[Dataset items]
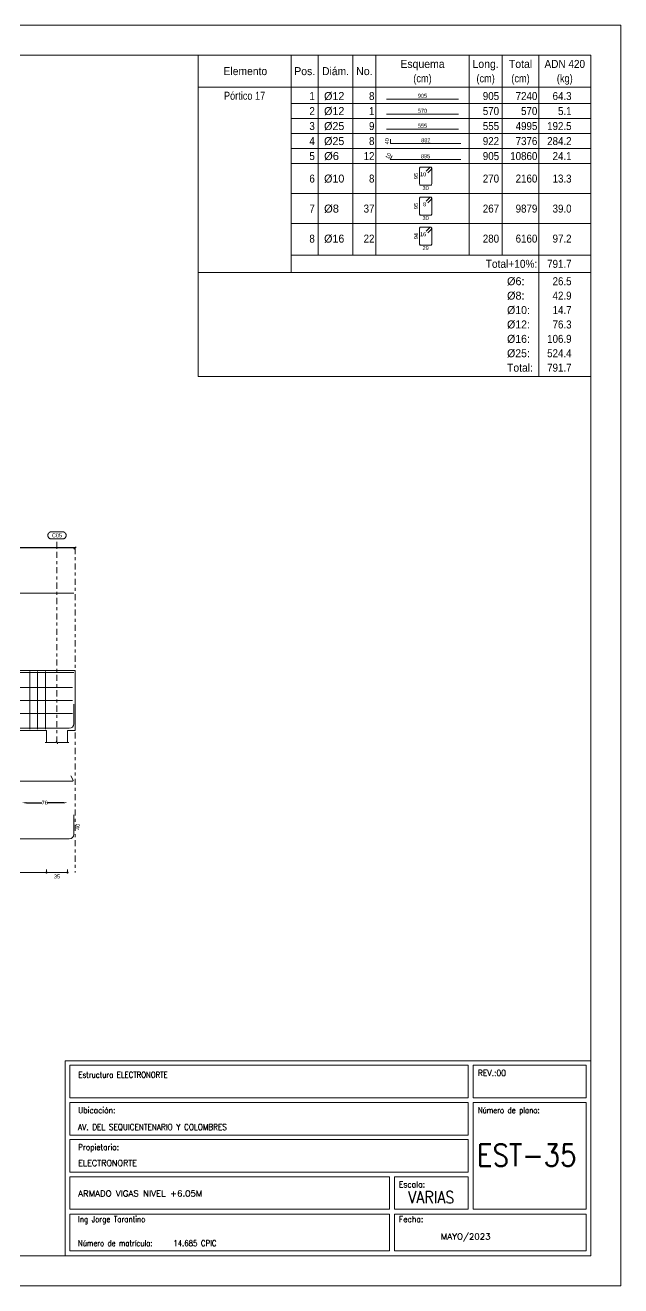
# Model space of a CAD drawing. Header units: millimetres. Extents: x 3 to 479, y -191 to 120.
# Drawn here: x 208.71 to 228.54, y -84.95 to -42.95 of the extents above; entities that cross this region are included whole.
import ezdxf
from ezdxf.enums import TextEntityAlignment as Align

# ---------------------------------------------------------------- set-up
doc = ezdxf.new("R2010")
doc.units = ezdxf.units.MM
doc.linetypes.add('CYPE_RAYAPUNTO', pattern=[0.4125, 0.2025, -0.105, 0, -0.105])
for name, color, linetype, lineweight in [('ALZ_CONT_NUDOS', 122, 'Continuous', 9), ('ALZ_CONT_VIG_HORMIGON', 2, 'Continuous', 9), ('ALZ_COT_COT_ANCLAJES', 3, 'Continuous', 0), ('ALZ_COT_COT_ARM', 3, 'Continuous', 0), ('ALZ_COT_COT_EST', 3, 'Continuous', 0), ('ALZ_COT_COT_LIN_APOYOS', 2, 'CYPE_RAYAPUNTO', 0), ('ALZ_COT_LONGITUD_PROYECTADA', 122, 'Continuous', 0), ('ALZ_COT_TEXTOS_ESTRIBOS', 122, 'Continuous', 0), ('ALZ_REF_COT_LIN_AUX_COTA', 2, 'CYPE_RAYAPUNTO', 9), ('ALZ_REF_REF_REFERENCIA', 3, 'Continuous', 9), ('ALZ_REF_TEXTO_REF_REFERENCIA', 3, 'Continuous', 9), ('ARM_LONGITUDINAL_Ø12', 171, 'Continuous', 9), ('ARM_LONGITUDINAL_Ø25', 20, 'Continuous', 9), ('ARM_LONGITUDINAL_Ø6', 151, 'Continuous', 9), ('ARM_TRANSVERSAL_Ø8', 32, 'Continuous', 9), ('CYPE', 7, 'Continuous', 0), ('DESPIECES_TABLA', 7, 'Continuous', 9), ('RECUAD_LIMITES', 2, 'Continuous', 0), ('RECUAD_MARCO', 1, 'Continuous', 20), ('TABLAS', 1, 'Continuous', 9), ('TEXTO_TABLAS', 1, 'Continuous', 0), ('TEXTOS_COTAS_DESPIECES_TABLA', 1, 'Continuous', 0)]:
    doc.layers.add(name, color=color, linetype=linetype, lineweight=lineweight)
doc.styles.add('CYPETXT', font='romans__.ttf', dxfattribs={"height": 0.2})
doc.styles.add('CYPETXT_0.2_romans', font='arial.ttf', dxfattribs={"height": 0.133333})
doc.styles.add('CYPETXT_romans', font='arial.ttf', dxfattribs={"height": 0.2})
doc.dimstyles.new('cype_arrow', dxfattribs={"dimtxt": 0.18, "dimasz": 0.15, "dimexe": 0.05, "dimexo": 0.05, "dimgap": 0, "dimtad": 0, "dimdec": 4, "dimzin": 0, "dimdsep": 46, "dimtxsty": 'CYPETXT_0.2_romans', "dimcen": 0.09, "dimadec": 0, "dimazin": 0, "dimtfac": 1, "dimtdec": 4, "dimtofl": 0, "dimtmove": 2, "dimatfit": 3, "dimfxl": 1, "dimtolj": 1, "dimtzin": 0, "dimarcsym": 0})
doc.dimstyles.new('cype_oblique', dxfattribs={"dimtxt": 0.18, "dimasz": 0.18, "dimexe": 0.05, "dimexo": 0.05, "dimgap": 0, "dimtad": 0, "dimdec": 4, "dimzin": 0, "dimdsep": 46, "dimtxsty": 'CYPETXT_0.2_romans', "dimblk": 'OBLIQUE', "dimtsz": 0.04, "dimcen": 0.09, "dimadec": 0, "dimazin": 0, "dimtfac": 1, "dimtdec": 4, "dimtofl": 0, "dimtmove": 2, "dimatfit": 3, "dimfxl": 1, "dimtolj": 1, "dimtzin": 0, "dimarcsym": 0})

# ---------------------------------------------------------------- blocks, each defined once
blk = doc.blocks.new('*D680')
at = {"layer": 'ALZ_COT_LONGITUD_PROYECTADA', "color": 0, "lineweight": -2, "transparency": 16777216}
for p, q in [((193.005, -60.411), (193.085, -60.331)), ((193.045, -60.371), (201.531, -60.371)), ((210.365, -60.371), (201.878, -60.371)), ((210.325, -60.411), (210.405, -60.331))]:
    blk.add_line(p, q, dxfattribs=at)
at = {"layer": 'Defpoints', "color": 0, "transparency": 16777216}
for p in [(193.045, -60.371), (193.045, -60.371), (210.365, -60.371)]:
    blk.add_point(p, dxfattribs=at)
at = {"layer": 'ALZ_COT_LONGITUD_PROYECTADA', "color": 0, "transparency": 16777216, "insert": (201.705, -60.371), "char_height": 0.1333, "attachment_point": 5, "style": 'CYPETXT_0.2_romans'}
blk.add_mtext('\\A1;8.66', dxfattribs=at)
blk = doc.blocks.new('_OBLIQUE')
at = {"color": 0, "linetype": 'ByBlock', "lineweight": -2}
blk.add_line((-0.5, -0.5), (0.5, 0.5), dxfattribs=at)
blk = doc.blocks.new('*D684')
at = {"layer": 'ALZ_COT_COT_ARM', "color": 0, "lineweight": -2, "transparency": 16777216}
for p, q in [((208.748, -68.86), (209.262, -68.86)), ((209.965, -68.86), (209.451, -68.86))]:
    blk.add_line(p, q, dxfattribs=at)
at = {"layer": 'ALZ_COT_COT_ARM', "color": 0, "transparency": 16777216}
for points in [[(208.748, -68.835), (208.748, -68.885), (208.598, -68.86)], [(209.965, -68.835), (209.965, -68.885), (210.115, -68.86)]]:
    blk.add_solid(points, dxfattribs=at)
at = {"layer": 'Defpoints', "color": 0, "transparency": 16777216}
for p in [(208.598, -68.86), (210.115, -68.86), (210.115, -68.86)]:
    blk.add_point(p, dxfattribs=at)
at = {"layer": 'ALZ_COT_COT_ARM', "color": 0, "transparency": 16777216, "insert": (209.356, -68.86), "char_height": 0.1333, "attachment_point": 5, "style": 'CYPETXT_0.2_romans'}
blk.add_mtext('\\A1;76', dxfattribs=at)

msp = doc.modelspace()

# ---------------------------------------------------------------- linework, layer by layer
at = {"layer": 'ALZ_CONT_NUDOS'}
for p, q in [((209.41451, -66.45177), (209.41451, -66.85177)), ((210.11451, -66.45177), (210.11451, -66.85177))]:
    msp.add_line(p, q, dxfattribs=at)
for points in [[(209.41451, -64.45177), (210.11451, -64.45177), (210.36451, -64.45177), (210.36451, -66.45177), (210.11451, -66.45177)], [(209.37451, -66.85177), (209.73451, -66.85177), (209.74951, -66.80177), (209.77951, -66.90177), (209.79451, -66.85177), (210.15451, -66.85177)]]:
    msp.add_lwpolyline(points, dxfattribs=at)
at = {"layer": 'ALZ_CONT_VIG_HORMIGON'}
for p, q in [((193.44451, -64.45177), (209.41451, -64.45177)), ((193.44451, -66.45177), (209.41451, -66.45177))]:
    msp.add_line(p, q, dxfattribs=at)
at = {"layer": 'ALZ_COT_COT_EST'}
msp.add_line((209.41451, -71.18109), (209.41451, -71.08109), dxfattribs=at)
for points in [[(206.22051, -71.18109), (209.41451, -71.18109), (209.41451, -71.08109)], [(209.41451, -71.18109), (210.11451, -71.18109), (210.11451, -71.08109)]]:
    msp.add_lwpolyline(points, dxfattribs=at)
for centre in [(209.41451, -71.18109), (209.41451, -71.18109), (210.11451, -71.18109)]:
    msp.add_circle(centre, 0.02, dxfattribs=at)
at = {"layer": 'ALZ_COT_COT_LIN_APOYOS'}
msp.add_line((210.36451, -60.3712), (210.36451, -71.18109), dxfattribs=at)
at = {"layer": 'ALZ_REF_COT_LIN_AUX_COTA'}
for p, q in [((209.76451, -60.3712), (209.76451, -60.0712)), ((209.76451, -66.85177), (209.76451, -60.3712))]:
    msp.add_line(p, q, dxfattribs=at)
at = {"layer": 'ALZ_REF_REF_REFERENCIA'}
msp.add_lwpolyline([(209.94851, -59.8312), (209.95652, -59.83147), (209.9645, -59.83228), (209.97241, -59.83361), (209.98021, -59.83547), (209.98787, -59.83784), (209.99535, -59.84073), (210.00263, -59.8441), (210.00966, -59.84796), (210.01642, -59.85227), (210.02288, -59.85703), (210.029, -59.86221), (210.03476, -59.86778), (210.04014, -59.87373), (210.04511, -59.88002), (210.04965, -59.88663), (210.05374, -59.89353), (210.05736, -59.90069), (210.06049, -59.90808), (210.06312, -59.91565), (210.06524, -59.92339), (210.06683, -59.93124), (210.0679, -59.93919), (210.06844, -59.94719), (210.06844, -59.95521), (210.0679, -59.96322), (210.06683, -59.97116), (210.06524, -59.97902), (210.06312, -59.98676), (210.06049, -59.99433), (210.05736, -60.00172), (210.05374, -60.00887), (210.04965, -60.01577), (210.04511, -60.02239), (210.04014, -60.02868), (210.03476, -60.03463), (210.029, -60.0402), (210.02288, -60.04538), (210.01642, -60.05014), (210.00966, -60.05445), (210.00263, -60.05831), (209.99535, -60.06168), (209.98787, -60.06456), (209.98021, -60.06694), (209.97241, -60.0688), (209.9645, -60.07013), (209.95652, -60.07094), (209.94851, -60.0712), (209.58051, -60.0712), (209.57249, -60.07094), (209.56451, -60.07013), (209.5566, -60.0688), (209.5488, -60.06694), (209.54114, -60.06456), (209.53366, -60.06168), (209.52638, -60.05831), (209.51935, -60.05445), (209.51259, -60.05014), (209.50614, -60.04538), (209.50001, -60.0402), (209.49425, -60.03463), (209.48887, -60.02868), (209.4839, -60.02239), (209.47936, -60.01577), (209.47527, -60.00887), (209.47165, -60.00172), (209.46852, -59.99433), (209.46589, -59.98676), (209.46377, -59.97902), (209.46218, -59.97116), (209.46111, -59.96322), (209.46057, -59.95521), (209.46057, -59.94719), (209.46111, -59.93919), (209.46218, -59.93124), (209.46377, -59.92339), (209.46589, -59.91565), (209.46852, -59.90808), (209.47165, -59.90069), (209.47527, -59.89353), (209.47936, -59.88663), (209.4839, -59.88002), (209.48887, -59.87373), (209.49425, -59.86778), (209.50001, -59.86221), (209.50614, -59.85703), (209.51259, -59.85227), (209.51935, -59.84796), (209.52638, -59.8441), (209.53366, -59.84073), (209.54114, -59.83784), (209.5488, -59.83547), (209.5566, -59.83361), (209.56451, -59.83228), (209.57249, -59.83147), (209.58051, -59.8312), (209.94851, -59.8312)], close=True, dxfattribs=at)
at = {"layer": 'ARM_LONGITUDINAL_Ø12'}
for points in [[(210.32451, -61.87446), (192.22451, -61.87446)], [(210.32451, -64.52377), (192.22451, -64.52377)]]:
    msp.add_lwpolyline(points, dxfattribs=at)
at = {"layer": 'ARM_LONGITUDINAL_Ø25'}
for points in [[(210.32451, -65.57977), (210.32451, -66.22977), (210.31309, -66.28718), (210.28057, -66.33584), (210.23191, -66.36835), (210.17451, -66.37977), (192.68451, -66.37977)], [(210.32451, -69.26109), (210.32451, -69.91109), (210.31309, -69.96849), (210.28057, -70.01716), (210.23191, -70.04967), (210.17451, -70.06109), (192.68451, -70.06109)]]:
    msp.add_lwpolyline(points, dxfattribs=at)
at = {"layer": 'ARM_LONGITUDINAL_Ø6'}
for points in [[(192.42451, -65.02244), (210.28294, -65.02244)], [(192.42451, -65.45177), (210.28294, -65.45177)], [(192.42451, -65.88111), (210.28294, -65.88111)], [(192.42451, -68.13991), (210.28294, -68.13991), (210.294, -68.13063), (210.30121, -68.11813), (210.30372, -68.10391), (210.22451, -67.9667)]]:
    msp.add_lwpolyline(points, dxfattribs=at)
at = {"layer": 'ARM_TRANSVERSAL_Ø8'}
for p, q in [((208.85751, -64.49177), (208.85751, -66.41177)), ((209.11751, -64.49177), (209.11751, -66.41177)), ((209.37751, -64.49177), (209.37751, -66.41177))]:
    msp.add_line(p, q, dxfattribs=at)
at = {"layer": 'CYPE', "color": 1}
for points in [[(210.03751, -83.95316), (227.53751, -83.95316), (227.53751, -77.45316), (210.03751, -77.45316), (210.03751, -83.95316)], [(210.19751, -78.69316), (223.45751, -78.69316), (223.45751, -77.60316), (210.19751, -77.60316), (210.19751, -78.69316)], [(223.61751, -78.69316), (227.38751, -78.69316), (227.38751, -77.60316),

How to complete this task
If a line above holds the string "import", copy it out.

Task solution
import ezdxf
from ezdxf.enums import TextEntityAlignment as Align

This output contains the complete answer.